The thing about caramel corn that makes it especially great for Host/Hostess Gifts is that it is fairly easy and rather inexpensive to make, and you can make a lot at once. Most people I know have a glut of parties to go to in the month of December. Because caramel corn does not store for an extended period of time without going chewy, I usually make it in batches. So this year, I made a different batch each weekend to bring to that weekend's assorted get-togethers.

We brought caramel corn out to Iowa for a weekend stay with friends. The trip was to see Handel's "The Messiah," performed in part by one of our friends. But in seeing the show, we got to stay with our friends B and D, who have absolutely the most adorable daughter in the entire world. She is so smart and charismatic and beautiful that it makes me NOT want to have kids. Because they could never be that cute. Everyone assures me this is not true, but you haven't met this little girl. When we went to brunch, she wandered out of the room we were in, then ran back into the room with her arms raised overhead, grinning, and said, "Hellllooooo!"

We also brought caramel corn to M's godson's birthday party/Christmas party. As someone who does not like to share, and who makes her birthday an entire week-long event, I always think it must be hard to have a birthday while everyone else gets presents too. But Little M seemed entirely content with a party for the whole family. I was thoroughly impressed. But not one bit swayed to share for my own birthday.

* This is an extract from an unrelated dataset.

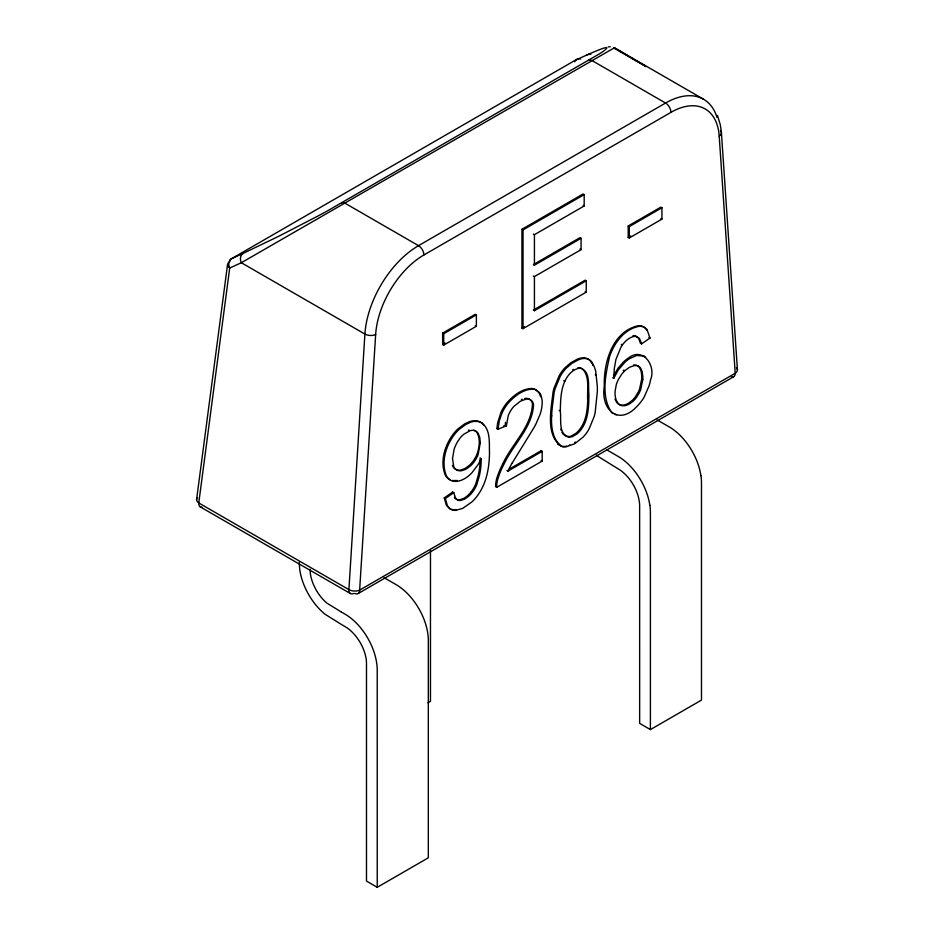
<?xml version="1.0" encoding="UTF-8"?>
<svg xmlns="http://www.w3.org/2000/svg" width="934" height="934" viewBox="0 0 934 934"><rect width="100%" height="100%" fill="white"/><g stroke="black" fill="none" stroke-linecap="round" stroke-linejoin="round"><path stroke-width="1.4" d="M650.403 513.105L650.403 729.594L701.481 700.103L701.481 483.614M564.533 446.37A25.405 14.664 -60 0 1 560.844 445.973C545.339 434.52 551.247 408.858 553.045 392A49.49 28.569 -60 0 1 554.025 388.17L559.116 375.818A26.981 15.574 -60 0 1 560.914 372.911A24.447 14.115 -60 0 1 565.035 367.727L570.779 362.777L577.574 359.053A26.456 15.271 -60 0 1 590.603 361.213M591.561 361.983A41.318 23.852 -60 0 1 593.113 364.365L593.942 366.058A62.38 36.017 -60 0 1 595.775 371.522L597.328 386.723A177.005 102.191 -60 0 1 597.351 391.381L595.145 412.77A49.49 28.569 -60 0 1 594.164 416.587L589.085 428.951A27.098 15.645 -60 0 1 587.299 431.87A24.377 14.08 -60 0 1 583.155 437.077L574.62 443.813L565.607 446.989A25.405 14.664 -60 0 1 561.918 446.592C546.413 435.139 552.321 409.489 554.119 392.619A49.49 28.569 -60 0 1 555.1 388.789L560.19 376.437A26.981 15.574 -60 0 1 561.988 373.53A24.447 14.115 -60 0 1 566.109 368.346L571.853 363.396L578.648 359.683A26.456 15.271 -60 0 1 591.677 361.832M582.174 368.591C590.381 376.706 586.926 390.505 587.708 400.931C587.299 411.1 585.922 422.028 579.115 430.095A15.855 9.153 -60 0 1 575.741 433.434L571.339 435.98A15.89 9.177 -60 0 1 567.965 436.54C558.123 433.458 561.509 418.887 560.295 410.995C560.598 399.157 560.692 386.092 567.86 376.052A15.586 9.001 -60 0 1 570.954 372.573L573.044 370.903A19.649 11.348 -60 0 1 575.297 369.537L577.516 368.638A16.03 9.258 -60 0 1 580.236 368.288C591.047 370.938 587.836 386.221 588.934 394.463C588.747 406.85 588.548 420.685 580.189 430.714A15.855 9.153 -60 0 1 576.827 434.053L572.414 436.598A15.89 9.177 -60 0 1 569.039 437.17L566.039 436.26L562.852 433.831M612.704 377.745L613.778 378.363L614.292 368.615L615.926 359.438L620.982 347.144A22.323 12.889 -60 0 1 622.371 344.961L621.297 344.342M540.004 394.954A24.728 14.279 -60 0 0 538.358 392.035L535.287 389.501A26.21 15.131 -60 0 0 531.236 388.474C521.452 388.999 513.07 395.771 506.87 402.869A26.514 15.306 -60 0 0 503.671 407.329A25.218 14.559 -60 0 0 501.044 412.163L497.659 422.81L496.9 428.601L497.974 429.231L506.391 425.822L508.236 415.688A17.022 9.83 -60 0 1 510.233 411.462A17.676 10.204 -60 0 1 511.225 409.863A17.337 10.005 -60 0 1 514.039 406.267L520.355 401.235L526.356 399.016A17.407 10.052 -60 0 1 530.045 399.577A18.528 10.694 -60 0 1 530.921 400.091L532.006 401.095A14.979 8.651 -60 0 1 533.536 404.504C532.625 427.62 512.766 444.677 503.601 464.98A45.824 26.456 -60 0 0 497.6 479.842A22.463 12.971 -60 0 0 496.713 487.338L495.639 486.719A22.463 12.971 -60 0 1 496.596 479.212M505.341 424.234L505.469 422.331M202.071 507.255A7.6 4.39 -60 0 1 198.767 502.959L229.706 268.046L241.334 262.723L364.902 334.068L348.907 589.634A7.6 4.39 -60 0 0 353.764 593.475M731.31 376.997A7.6 4.39 60 0 0 735.21 373.273L719.215 136.177A68.415 39.497 -60 0 0 670.951 112.349L423.908 254.97A68.415 39.497 -60 0 0 375.655 334.535L359.648 590.113A7.6 4.39 60 0 1 354.745 593.464M497.974 429.231L499.351 420.65L502.13 412.793A25.218 14.559 -60 0 1 504.757 407.948A26.514 15.306 -60 0 1 507.944 403.488C514.144 396.39 522.538 389.63 532.31 389.093A26.21 15.131 -60 0 1 536.361 390.12L539.432 392.654A24.728 14.279 -60 0 1 541.37 396.436L542.105 400.359A30.787 17.769 -60 0 1 542.187 402.624A29.725 17.162 -60 0 1 540.681 412.373A30.448 17.583 -60 0 1 540.027 414.509L535.789 424.305A68.194 39.368 -60 0 1 534.318 427.083L512.229 462.984M196.572 499.667L227.511 264.754M613.778 378.363L618.18 370.156L624.741 362.415A28.452 16.427 -60 0 1 629.469 358.703L636.743 355.48L643.713 355.994M613.498 375.982L618.11 368.078L623.667 361.797A28.452 16.427 -60 0 1 628.395 358.072C642.919 346.316 656.369 365.906 650.554 379.811A36.94 21.33 -60 0 1 649.095 385.777L644.086 397.242A27.53 15.901 -60 0 1 641.88 400.616A28.382 16.38 -60 0 1 636.79 406.57C618.705 426.173 600.48 409.699 604.286 386.419C603.516 362.894 612.144 331.512 638.296 325.697A24.646 14.232 -60 0 1 645.978 329.037L646.83 330.309M502.527 464.35C511.692 444.059 531.551 427.001 532.462 403.885A14.979 8.651 -60 0 0 530.932 400.476L529.847 399.472A18.528 10.694 -60 0 0 528.971 398.958A17.407 10.052 -60 0 0 525.282 398.398L524.686 398.479M613.836 48.054L646.141 66.629L614.42 47.786L241.334 262.723A7.6 5.978 65.4 0 1 243.12 253.394L278.402 236.442L318.763 215.602A55.386 2.639 -28.1 0 0 327.367 210.932L599.406 53.868A55.375 2.639 -28.1 0 0 603.247 51.358C619.872 38.866 573.126 61.609 576.523 59.519L231.504 258.706A7.6 4.39 60 0 0 229.706 261.847A7.6 4.378 7.5 0 0 229.706 268.046A7.6 5.978 65.4 0 1 231.504 258.706L243.12 253.394M632.843 335.855A15.563 8.978 -60 0 1 635.424 335.925L638.471 337.956L640.502 343.268L641.553 342.544M640.502 343.268L641.576 343.887L649.994 338.061L647.052 329.655A24.646 14.232 -60 0 0 643.713 327.04A24.728 14.279 -60 0 0 639.37 326.328C624.332 328.896 614.058 343.093 609.54 356.788C605.536 374.616 600.609 397.254 612.097 413.097M456.329 509.555L454.718 509.754A24.202 13.975 -60 0 1 449.219 508.365L446.324 505.119L444.257 497.892L452.686 492.066L453.761 492.685L455.512 497.997L457.695 500.052M480.053 457.94L481.127 458.559A26.677 15.399 -60 0 1 478.115 464.56L471.903 472.779A26.362 15.224 -60 0 1 468.354 476.071C463.112 480.38 455.08 483.835 448.95 479.2A28.872 16.672 -60 0 1 445.32 475.208C439.879 461.933 444.491 446.359 452.5 435.092A28.008 16.17 -60 0 1 458.185 428.671L464.747 423.826L469.639 421.596A30.612 17.676 -60 0 1 474.215 420.744L477.087 420.93A30.297 17.489 -60 0 1 480.905 422.413C491.109 428.834 489.031 443.125 489.509 453.457C489.229 466.218 487.198 479.329 480.776 490.56A30.063 17.361 -60 0 1 476.655 496.713A29.643 17.116 -60 0 1 471.939 501.908L462.797 508.294L455.792 510.373A24.202 13.975 -60 0 1 450.293 508.983L447.398 505.738L445.343 498.522L453.761 492.685M574.492 442.634L575.414 442.039M586.248 280.772L534.423 310.695L533.349 310.076L585.174 280.153L586.248 280.772L586.248 292.144L523.028 328.651L521.943 328.032L521.943 229.285L583.108 193.968L584.182 194.599L584.182 205.97L534.423 234.691L533.349 234.072M521.943 229.285L523.028 229.904L584.182 194.599M581.076 238.287L579.991 237.656L533.349 264.591L534.423 265.209L581.076 238.287L581.076 249.658L534.423 276.581L533.349 275.962M442.646 333.111L475.301 314.268L476.375 314.886L476.375 326.258L443.732 345.113L442.646 344.483L442.646 333.111L443.732 333.742L476.375 314.886M628.197 225.993L660.852 207.138L661.926 207.757L661.926 219.128L629.271 237.983L628.197 237.364L628.197 225.993L629.271 226.612L661.926 207.757M442.646 344.483L445.168 343.035M628.197 237.364L630.707 235.917M521.943 328.032L524.429 326.596M509.065 469.23L541.113 450.737L542.187 451.356L542.187 461.081L496.713 487.338M506.928 470.467L508.014 471.086L542.187 451.356M358.072 593.592L733.634 376.764M427.982 702.777L430.469 701.341L430.469 550.453M341.809 624.694L347.121 627.881A28.907 16.684 60 0 1 350.519 630.567A30.53 17.629 60 0 1 366.175 659.065A30.974 17.886 60 0 1 366.49 663.595L366.49 881.089L377.243 887.3L428.321 857.809L428.321 640.082A45.696 26.386 60 0 0 427.784 633.392A45.497 26.269 60 0 0 403.523 589.926A48.194 27.822 60 0 0 399.203 586.61A45.299 26.152 60 0 0 396.95 585.128L383.979 577.644M464.583 499.06L461.011 500.391A13.835 7.986 -60 0 1 457.695 500.064M521.441 399.507L522.129 399.215M496.9 428.601L497.95 428.181M503.741 425.846L504.792 425.414M568.771 445.448L569.915 445.004M614.42 47.786L703.104 98.981M468.494 430.247L469.148 430.037M565.549 446.265L566.588 446.067M457.427 480.52L452.091 480.543M608.256 46.887L610.264 46.7M614.63 414.357L616.615 414.778M636.976 365.486L636.463 365.287A17.151 9.9 -60 0 0 633.579 364.984M581.602 368.288L579.162 367.669A16.03 9.258 -60 0 0 577.831 367.727M473.842 430.13L474.367 430.352A20.525 11.85 -60 0 1 475.826 431.31A19.334 11.161 -60 0 1 477.041 432.675C480.613 439.178 479.387 447.339 477.041 454.064A18.166 10.484 -60 0 1 475.348 457.66L473.281 460.952A17.442 10.076 -60 0 1 469.685 465.039L466.229 467.689A24.506 14.15 -60 0 1 463.976 468.938L460.52 470.094A17.968 10.379 -60 0 1 456.936 469.919L454.893 468.856A19.229 11.103 -60 0 1 452.675 466.019L452.406 465.401M606.516 449.698L619.02 456.913A45.299 26.152 60 0 1 621.285 458.396A48.194 27.822 60 0 1 625.605 461.723A45.497 26.269 60 0 1 649.807 505.166M657.139 419.938L670.11 427.422A45.299 26.152 60 0 1 672.363 428.904A48.194 27.822 60 0 1 676.683 432.22A45.497 26.269 60 0 1 700.885 475.663M660.852 218.509L661.926 219.128M583.108 205.34L584.182 205.97M579.991 249.028L581.076 249.658M585.174 291.525L586.248 292.144M648.92 337.431L649.994 338.061M475.301 325.639L476.375 326.258M563.669 380.733L564.743 381.352M559.221 410.376L560.295 410.995M550.803 415.268L551.877 415.887M557.691 444.245L558.777 444.864M505.317 425.203L506.391 425.822M541.113 460.462L542.187 461.081M444.257 497.892L445.343 498.522M650.403 729.594L639.65 723.383L639.638 505.889A30.974 17.886 60 0 0 639.288 501.348A30.53 17.629 60 0 0 623.679 472.861A28.907 16.684 60 0 0 620.281 470.176L598.11 456.446A47.832 27.623 60 0 1 596.417 455.01M200.191 506.823L350.32 593.499M341.307 611.992L345.86 614.619A45.299 26.152 60 0 1 348.125 616.101A48.194 27.822 60 0 1 352.445 619.429A45.497 26.269 60 0 1 376.647 662.871A45.696 26.386 60 0 1 377.231 669.573L377.243 887.3M341.342 624.426L324.95 614.163A47.832 27.623 60 0 1 319.93 609.552L318.307 607.836A44.318 25.58 60 0 1 313.485 601.975A45.941 26.526 60 0 1 303.515 583.808L302.663 581.485A43.921 25.358 60 0 1 299.686 568.911L299.359 565.023A80.838 46.665 60 0 1 299.254 562.35M341.073 611.852L327.075 603.236A29.351 16.952 60 0 1 322.685 599.033L321.646 597.865A31.067 17.933 60 0 1 315.75 589.261L313.474 584.567A30.787 17.769 60 0 1 310.952 576.827L310.637 575.332A28.405 16.403 60 0 1 310.228 572.6L310.03 569.331M644.18 356.181L645.581 357.255M455.29 498.476L456.621 499.433A13.835 7.986 -60 0 0 459.937 499.772L463.509 498.441A19.416 11.208 -60 0 0 471.028 492.101M482.002 423.219L483.952 425.332M454.986 498.149L454.438 497.378M615.868 401.001L617.199 402.916A19.1 11.033 -60 0 0 621.075 405.076A19.264 11.126 -60 0 0 629.072 402.846L631.746 400.826A16.637 9.609 -60 0 0 635.33 396.88L637.91 392.747A19.369 11.185 -60 0 0 639.592 389.046L641.705 379.029A38.236 22.077 -60 0 0 641.74 375.888L641.226 371.487L639.627 367.681A18.341 10.589 -60 0 0 638.424 366.385A18.855 10.881 -60 0 0 637.478 365.743M561.953 432.325L562.385 433.142M592.6 364.855L592.868 365.439M717.429 115.396L720.336 124.852L721.422 132.756L737.428 369.852M560.832 429.126L561.171 430.317M540.296 395.806L540.541 396.716M641.576 343.887L639.545 338.587L636.498 336.555A15.563 8.978 -60 0 0 632.797 336.73L630.403 337.711A18.458 10.659 -60 0 0 622.348 344.938M452.686 492.066L452.815 492.802M595.402 374.336L595.542 375.305M481.127 458.559L481.173 460.497A61.107 35.282 -60 0 1 479.913 473.246A71.218 41.119 -60 0 1 479.422 475.651L476.877 484.361A19.17 11.068 -60 0 1 472.079 492.685A19.416 11.208 -60 0 1 464.595 499.001M480.088 459.061L480.099 459.878A61.107 35.282 -60 0 1 478.838 472.616A71.218 41.119 -60 0 1 478.348 475.032L475.803 483.742A19.17 11.068 -60 0 1 471.005 492.055M701.481 483.31L701.481 482.376A45.696 26.386 60 0 0 700.944 475.686M650.403 512.801L650.403 511.867A45.696 26.386 60 0 0 649.866 505.177M629.271 226.612L629.271 237.983M541.113 450.737L541.113 451.951M534.423 234.691L534.423 265.209M534.423 276.581L534.423 310.695M523.028 229.904L523.028 328.651M443.732 333.742L443.732 345.113M717.043 117.486A76.016 43.886 -60 0 0 665.568 103.032L592.343 60.745A7.6 4.39 60 0 0 588.77 60.255M670.951 112.349A7.6 4.39 60 0 0 665.568 103.032L418.525 245.665A76.016 43.886 -60 0 0 364.914 334.057M423.908 254.97A7.6 4.39 60 0 0 418.525 245.665L345.288 203.378A7.6 4.39 60 0 0 341.716 202.888M197.518 497.624A7.6 4.378 7.5 0 0 198.767 502.959L348.907 589.634A7.6 4.051 3.6 0 0 359.648 590.113L735.21 373.273A7.6 4.705 -3.9 0 0 736.471 367.611M375.643 334.535A7.6 4.051 3.6 0 1 364.902 334.068M720.464 130.515A7.6 4.705 -3.9 0 1 719.215 136.177M586.692 55.036A7.6 6.41 66.2 0 1 590.837 54.476M574.842 61.842A7.6 4.39 60 0 1 576.523 59.519A7.6 6.41 66.2 0 1 580.668 58.959M481.979 423.032A30.297 17.489 -60 0 0 478.161 421.561L475.289 421.362A30.612 17.676 -60 0 0 470.724 422.215L465.821 424.456L459.259 429.29A28.008 16.17 -60 0 0 453.574 435.723C445.565 446.977 440.953 462.552 446.405 475.838A28.872 16.672 -60 0 0 450.025 479.819M496.526 479.224A45.824 26.456 -60 0 1 502.585 464.385M507.979 471.086A41.003 23.677 -60 0 1 512.252 462.995M590.486 361.365A41.318 23.852 -60 0 1 592.039 363.746M572.694 369.794A19.649 11.348 -60 0 1 573.441 369.339M623.235 370.681A18.54 10.706 -60 0 1 623.877 370.062M615.424 400.102A27.681 15.983 -60 0 1 615.027 399.145M480.286 442.786L478.115 454.683A18.166 10.484 -60 0 1 476.422 458.279L474.355 461.571A17.442 10.076 -60 0 1 470.759 465.657L467.304 468.308A24.506 14.15 -60 0 1 465.062 469.557L461.594 470.713A17.968 10.379 -60 0 1 458.01 470.538L455.967 469.487A19.229 11.103 -60 0 1 453.749 466.638L452.511 458.594L454.122 449.289A21.727 12.539 -60 0 1 456.668 443.358A23.175 13.38 -60 0 1 457.73 441.49L460.042 438.151A17.781 10.262 -60 0 1 463.929 434.147L470.222 430.667A16.859 9.737 -60 0 1 473.842 430.446L475.441 430.971A20.525 11.85 -60 0 1 476.9 431.928A19.334 11.161 -60 0 1 478.115 433.306L479.749 437.24L480.286 442.786M642.779 379.648L640.677 389.665A19.369 11.185 -60 0 1 638.984 393.366L636.404 397.51A16.637 9.609 -60 0 1 632.832 401.457L630.146 403.465A19.264 11.126 -60 0 1 622.149 405.706A19.1 11.033 -60 0 1 618.285 403.523L616.942 401.632A27.681 15.983 -60 0 1 615.039 393.658A29.223 16.87 -60 0 1 615.109 391.089L616.335 384.504A19.03 10.986 -60 0 1 618.647 379.041L621.297 374.814A18.54 10.706 -60 0 1 625.617 370.097L628.384 368.054A24.086 13.905 -60 0 1 630.602 366.828L634.034 365.696A17.151 9.9 -60 0 1 637.537 365.906L638.05 366.105A18.855 10.881 -60 0 1 639.498 367.004A18.341 10.589 -60 0 1 640.701 368.3L642.113 371.358L642.826 376.507A38.236 22.077 -60 0 1 642.779 379.648"/></g></svg>

And, we brought caramel corn to my favorite annual event, the "Elf" screening with A and J. A, of the pretzel factory, (and now her fiancé, J) hosts a holiday party every year where we watch Will Ferrell in yellow tights and eat things made from only the four main elf food groups: candy, candy canes, candy corn and syrup.

Here's the thing about these holiday events -- last year I missed all of them. When at least one weekend night is used up working at a bar, you can only attend parties on the other of those nights. For one minute last week, I thought, I should try to pick up an extra shift this week so I have a little more money for Christmas presents. And then I remembered that I couldn't. That option to aid in my own financial situation has been cut off from me. Which made me sad. Kicked in the gut sad. But being able to go to all the parties I want takes the sting away. And in the end, I think bringing sticky sweets to the people I love is more important than being able to buy one extra present.